The world in 1975 is obviously not the world today. The biggest difference
being the personal computer and by extension the internet. How much of
productivity gains are due to computers? Email can be near-instantaneous and
although the paperless office is probably a pipe dream, filing and paper work
have become less plentiful and are taking less time. Not to mention the
advances in software which improve productivity. Of course, this is just in
offices. You can go ahead and look at factories which are becoming more
computerized and I'm sure the primary sector has benefited from computers too.

So, although workers of today are more productive - per dollar paid per
hour/month/year, is it possible that people haven't actually been working
harder but rather machines have been doing more work? Is it possible that
these productivity gains represent value provided by giving every office an IT
department rather than people working better (or harder or smarter)?

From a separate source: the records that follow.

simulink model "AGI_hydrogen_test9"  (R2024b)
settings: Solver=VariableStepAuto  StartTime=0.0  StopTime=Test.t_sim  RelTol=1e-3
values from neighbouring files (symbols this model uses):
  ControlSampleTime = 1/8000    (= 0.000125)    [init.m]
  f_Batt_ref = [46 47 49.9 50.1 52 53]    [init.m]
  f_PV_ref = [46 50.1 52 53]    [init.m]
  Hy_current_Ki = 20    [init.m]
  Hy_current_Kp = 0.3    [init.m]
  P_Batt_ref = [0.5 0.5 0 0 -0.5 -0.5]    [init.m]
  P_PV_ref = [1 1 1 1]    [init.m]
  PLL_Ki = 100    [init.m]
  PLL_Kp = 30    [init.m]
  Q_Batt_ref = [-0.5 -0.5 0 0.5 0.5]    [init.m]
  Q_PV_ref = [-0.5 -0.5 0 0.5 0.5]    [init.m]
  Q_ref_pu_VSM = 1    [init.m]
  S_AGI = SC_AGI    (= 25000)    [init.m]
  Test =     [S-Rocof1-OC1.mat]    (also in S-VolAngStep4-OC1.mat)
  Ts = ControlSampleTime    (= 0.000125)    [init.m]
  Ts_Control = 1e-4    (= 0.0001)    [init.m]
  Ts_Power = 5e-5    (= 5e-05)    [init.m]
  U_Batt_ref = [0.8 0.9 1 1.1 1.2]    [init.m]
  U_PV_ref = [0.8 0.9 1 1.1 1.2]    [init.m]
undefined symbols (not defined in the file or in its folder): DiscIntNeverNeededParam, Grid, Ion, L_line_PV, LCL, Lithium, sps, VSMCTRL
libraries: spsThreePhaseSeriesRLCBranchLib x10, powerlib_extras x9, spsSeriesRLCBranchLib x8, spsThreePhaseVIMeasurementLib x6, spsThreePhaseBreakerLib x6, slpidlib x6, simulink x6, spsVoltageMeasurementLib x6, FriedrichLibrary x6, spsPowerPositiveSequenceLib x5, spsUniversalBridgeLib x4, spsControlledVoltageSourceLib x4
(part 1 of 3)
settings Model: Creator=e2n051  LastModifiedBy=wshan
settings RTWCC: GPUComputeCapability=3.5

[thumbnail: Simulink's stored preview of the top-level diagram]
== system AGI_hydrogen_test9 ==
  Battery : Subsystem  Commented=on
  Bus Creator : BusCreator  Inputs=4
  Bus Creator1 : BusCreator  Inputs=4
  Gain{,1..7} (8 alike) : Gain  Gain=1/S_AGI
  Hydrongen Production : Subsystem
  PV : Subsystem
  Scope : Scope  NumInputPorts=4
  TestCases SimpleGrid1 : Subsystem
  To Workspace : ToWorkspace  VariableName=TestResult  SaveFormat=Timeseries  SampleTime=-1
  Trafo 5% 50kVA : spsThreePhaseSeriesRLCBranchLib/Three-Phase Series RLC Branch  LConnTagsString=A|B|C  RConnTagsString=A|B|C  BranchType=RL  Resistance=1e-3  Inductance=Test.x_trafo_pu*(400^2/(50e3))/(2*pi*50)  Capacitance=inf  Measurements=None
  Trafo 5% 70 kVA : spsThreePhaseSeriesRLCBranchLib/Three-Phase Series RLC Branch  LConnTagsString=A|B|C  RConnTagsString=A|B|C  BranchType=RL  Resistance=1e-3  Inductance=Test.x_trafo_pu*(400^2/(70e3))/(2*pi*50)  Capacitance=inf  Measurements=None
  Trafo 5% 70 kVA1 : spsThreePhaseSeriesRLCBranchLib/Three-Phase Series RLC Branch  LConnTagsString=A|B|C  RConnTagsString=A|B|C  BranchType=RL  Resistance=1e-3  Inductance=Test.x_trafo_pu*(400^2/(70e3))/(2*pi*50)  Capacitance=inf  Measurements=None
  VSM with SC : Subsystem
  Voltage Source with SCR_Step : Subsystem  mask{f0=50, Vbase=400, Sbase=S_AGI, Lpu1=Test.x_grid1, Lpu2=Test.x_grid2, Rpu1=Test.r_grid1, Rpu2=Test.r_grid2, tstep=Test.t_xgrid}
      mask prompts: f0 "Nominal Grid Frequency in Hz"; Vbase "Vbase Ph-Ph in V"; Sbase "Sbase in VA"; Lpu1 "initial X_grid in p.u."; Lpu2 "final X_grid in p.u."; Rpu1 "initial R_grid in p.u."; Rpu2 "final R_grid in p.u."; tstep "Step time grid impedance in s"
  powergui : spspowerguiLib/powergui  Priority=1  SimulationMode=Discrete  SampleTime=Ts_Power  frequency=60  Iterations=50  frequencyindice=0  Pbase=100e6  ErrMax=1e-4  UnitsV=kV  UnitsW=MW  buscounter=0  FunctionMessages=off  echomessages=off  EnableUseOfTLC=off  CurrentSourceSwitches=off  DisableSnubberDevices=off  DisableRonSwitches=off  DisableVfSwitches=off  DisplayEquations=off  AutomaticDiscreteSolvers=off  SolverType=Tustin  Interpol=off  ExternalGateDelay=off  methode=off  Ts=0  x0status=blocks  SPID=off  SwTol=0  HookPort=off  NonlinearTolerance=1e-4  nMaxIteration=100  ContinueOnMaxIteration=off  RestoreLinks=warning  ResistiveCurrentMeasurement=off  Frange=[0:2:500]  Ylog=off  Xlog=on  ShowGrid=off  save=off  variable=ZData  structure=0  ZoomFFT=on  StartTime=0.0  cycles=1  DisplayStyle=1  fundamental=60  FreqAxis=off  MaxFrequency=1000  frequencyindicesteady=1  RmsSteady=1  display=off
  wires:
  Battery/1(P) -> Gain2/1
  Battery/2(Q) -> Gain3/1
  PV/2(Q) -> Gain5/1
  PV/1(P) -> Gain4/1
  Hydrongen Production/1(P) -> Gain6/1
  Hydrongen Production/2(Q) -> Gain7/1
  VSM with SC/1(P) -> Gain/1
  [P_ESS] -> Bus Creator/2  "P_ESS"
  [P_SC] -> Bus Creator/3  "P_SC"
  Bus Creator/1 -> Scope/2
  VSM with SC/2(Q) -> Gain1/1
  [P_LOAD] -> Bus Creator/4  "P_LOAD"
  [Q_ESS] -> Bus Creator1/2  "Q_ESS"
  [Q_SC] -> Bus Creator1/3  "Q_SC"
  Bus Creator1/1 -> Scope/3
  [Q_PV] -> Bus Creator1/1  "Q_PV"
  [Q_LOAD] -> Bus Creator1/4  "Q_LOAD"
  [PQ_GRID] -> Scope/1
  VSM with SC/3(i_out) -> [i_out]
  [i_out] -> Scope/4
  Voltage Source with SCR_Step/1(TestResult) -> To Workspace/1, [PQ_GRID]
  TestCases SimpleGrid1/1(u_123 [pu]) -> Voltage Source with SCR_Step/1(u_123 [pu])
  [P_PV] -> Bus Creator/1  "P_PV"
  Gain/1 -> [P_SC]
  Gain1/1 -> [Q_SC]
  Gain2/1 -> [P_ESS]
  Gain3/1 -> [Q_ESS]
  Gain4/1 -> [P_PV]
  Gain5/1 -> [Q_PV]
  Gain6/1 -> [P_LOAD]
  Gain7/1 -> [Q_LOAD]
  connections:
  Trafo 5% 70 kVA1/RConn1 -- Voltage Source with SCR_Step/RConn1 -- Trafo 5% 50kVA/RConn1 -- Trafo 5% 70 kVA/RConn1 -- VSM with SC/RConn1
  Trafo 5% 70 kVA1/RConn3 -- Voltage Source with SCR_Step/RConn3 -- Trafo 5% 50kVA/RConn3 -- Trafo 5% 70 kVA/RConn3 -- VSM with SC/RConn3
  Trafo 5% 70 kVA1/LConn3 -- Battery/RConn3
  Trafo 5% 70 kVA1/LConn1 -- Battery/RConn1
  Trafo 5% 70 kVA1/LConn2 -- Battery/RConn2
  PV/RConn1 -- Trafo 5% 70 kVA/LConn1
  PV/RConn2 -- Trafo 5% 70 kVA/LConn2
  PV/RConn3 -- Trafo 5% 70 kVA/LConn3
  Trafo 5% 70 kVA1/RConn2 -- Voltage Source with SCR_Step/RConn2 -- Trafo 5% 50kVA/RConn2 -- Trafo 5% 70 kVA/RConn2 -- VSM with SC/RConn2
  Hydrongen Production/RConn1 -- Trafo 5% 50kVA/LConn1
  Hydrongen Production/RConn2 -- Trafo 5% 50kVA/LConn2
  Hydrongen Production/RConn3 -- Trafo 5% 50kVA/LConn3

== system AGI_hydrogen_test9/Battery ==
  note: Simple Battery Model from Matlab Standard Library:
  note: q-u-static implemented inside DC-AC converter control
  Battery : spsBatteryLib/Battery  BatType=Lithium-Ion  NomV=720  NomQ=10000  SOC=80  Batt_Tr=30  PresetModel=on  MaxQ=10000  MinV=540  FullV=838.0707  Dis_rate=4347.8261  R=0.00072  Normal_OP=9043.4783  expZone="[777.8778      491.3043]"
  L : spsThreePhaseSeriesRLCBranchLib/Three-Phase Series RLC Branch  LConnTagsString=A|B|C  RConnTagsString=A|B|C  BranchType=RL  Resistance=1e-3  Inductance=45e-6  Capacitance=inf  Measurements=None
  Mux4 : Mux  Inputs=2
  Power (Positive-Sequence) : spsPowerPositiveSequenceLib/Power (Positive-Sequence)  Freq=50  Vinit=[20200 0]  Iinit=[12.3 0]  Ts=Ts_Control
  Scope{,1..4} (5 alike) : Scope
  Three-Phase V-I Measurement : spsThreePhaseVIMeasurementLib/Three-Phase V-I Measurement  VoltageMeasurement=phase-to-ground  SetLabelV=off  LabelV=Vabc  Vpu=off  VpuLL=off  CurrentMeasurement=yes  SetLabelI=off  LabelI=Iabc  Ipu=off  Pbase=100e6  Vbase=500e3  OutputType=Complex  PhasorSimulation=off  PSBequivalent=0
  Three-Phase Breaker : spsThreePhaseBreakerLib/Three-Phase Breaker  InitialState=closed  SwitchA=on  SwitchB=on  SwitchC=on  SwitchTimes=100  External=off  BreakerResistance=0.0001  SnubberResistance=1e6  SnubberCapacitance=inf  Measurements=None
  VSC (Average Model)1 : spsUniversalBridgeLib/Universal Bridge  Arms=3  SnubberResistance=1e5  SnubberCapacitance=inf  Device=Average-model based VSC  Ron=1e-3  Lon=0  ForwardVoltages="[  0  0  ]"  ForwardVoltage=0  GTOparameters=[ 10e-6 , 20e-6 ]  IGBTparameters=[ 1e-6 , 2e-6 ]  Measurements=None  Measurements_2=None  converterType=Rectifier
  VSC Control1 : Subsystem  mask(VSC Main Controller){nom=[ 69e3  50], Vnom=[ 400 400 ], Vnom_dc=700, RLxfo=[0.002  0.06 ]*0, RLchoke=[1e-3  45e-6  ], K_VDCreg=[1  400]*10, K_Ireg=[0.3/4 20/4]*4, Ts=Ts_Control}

I think it is possible, but I don't think it is a satisfactory explanation. It
could simply be the effects of supply and demand on the marketplace. Beyond a
certain point, money doesn't buy happiness so I see no reason why the upper
end of salaries would increase other than pure greed (which is consistent with
lots and lots of increases in executive pay) and unskilled labour provides
minimal value so why would machines making one interchangeable labourer able
to do the work of two or three interchangeable labourers lead to an increase
in the pay of interchangeable labourers?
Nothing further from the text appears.